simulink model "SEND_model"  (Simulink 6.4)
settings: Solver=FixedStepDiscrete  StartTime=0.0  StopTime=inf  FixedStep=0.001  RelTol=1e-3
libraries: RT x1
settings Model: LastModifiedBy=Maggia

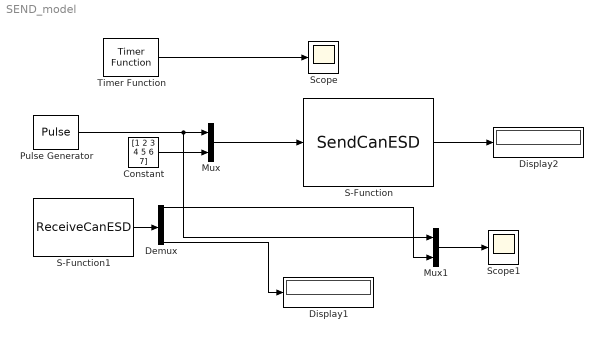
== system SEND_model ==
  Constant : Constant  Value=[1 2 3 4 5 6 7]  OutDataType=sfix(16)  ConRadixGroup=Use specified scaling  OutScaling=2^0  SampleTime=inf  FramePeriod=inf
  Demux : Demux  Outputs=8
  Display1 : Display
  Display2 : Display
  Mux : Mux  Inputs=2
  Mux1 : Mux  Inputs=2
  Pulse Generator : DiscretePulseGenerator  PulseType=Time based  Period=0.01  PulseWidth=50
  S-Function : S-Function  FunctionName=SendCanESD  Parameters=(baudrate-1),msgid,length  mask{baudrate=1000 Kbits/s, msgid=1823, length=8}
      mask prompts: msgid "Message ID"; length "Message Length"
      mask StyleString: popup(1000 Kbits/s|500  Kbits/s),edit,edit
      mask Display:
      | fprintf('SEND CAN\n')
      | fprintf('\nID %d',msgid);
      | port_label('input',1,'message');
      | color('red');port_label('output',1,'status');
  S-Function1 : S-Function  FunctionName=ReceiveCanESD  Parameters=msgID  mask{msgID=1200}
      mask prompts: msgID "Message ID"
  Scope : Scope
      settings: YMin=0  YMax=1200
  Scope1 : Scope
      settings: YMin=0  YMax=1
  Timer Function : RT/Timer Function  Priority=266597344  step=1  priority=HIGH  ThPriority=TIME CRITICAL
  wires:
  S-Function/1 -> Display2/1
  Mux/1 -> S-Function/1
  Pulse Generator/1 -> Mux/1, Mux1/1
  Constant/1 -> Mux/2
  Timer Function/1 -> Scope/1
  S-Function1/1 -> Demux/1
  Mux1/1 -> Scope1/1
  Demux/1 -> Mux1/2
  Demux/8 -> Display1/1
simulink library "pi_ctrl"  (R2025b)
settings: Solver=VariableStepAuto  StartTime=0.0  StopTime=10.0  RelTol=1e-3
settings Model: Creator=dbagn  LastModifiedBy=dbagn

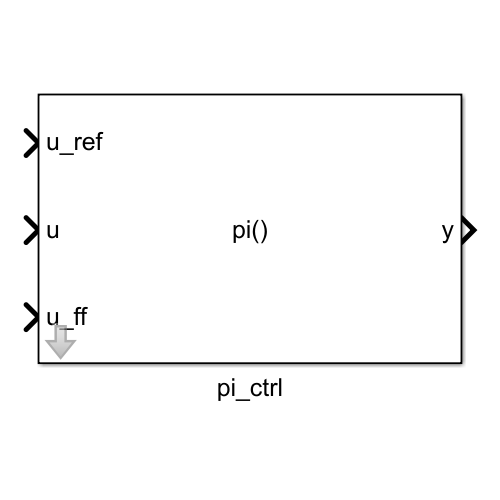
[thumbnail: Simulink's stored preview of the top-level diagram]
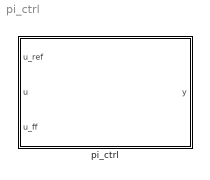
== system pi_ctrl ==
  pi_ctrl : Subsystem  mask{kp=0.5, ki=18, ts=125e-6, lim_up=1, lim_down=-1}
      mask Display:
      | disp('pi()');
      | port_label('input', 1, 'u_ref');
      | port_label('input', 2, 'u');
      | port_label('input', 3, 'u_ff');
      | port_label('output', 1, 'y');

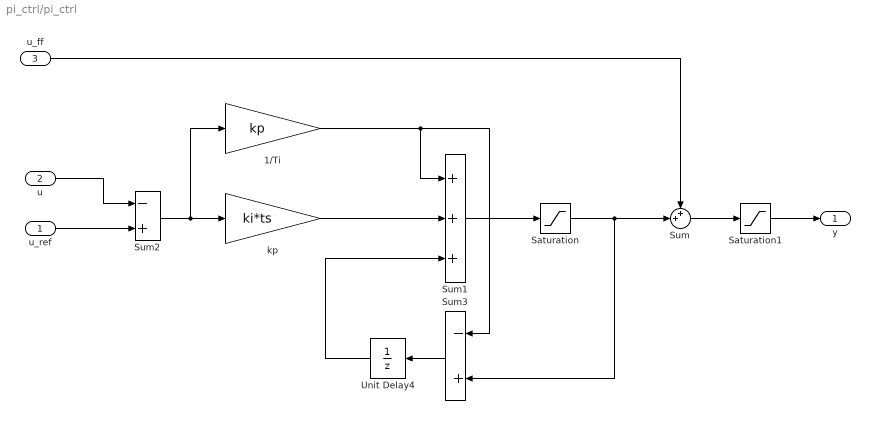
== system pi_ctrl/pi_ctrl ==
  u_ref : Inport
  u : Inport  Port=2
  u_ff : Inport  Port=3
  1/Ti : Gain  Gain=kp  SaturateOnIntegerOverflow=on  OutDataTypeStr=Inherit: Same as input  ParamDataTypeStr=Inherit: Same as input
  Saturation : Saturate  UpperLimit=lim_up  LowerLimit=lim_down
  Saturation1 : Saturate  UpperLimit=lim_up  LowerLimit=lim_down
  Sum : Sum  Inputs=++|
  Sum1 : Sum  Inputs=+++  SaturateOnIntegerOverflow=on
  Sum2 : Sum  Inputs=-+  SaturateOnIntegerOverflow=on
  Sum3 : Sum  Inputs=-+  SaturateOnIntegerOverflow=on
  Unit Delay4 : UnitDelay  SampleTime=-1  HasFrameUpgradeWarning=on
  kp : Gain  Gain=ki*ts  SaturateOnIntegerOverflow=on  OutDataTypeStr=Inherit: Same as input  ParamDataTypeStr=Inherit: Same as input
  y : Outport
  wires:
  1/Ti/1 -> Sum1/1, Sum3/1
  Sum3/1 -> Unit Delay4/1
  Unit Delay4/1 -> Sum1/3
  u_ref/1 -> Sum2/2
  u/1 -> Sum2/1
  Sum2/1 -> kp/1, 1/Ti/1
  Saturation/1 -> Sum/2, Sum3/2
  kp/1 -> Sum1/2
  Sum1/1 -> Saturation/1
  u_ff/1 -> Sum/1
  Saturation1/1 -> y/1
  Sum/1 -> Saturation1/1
---------------
» Your goal
Read through the entries above and copy each line that has the string "Constant" in it.

» Your solution
  Constant : Constant  Value=[1 2 3 4 5 6 7]  OutDataType=sfix(16)  ConRadixGroup=Use specified scaling  OutScaling=2^0  SampleTime=inf  FramePeriod=inf
  Constant/1 -> Mux/2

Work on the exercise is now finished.